My new Netgear Nighthawk X4S R7800 router surprisingly doesn't have a DNS-feature, not even with the replacement ROM from Voxel.

Furthermore, the router's DHCP feature doesn't allow for setting the DNS server to use, something even my ancient Asus RT-N56U had (but was rather slow on the other hand generally speaking...)!

Also, I've been having dns-resolution problems forever with plain vanilla installs of Ubuntu!
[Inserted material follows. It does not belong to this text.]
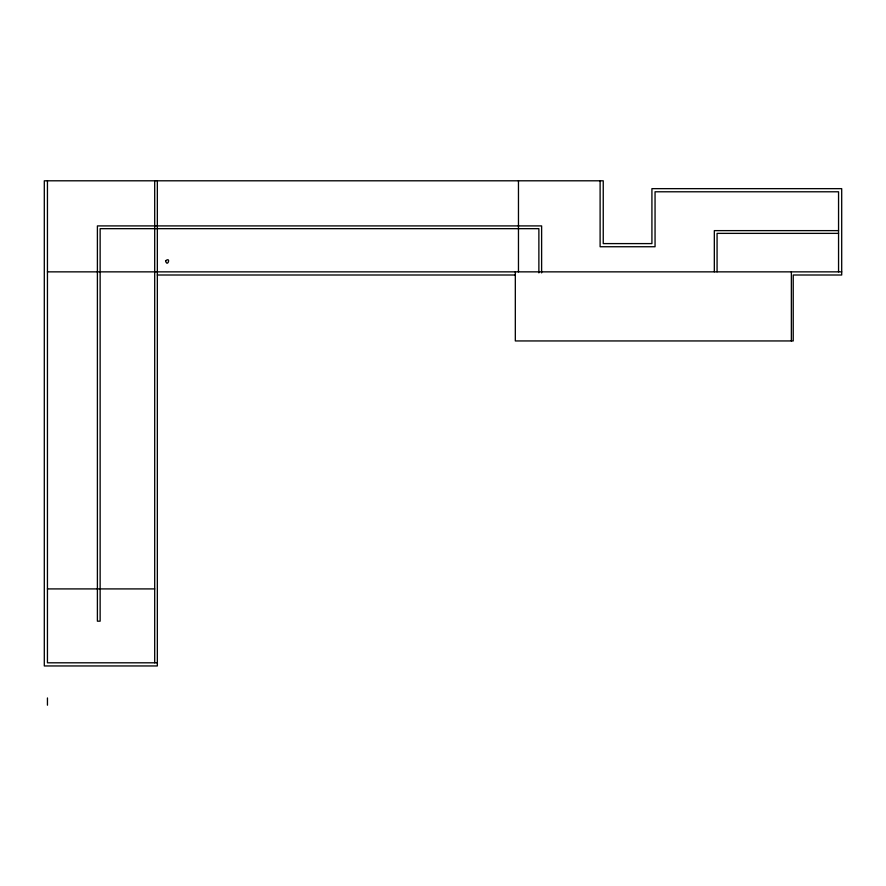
<?xml version="1.0" encoding="UTF-8"?>
<svg xmlns="http://www.w3.org/2000/svg" width="886" height="886" viewBox="0 0 886 886"><rect width="100%" height="100%" fill="white"/><g stroke="black" fill="none" stroke-linecap="round" stroke-linejoin="round"><path stroke-width="1.33" d="M838.555 230.626L714.326 230.626L714.326 271.792M838.555 233.372L717.073 233.372L717.073 271.792M47.445 271.858L841.7 271.858M157.343 275.003L515.32 275.003M47.445 588.913L154.696 588.913M157.343 662.806L47.445 662.806L47.445 180.799M838.555 271.858L838.555 191.786L655.053 191.786L655.053 246.74L600.11 246.74L600.11 180.799M791.364 271.858L791.364 340.944M541.623 272.888L541.623 225.908L97.394 225.908L97.394 621.175L100.14 621.175L100.14 228.666L538.876 228.666L538.876 272.877M518.465 180.799L518.465 271.858M515.32 271.858L515.32 340.944L793.225 340.944L793.225 275.003L841.7 275.003L841.7 188.652L651.919 188.652L651.919 243.595L603.244 243.595L603.244 180.799L44.3 180.799L44.3 665.951L157.343 665.951L157.343 180.799M154.696 180.799L154.696 662.806M47.445 697.947L47.445 705.201M165.571 260.827C167.399 268.004 171.341 256.187 165.571 260.827"/></g></svg>

Anyway, after a discussion on forum, I found out it was possible to add a DNS feature to the router by way of dnsmasq.
The downside was that I'd need a USB-stick constantly attached to the router, and do some non-standard hacking as well on the firmware. And I felt the documentation was a bit lacking on how to do this.

So, the dnsmasq route got me thinking and after a brief google search, I found out how to make dnsmasq work for me.
Turns out it was quite simple...

Since I use Proxmox, I opted to create a new minimal vm to keep the service separate from all the other services I use.
The notes below assumes the vm is up and running and ready to have dnsmasq installed.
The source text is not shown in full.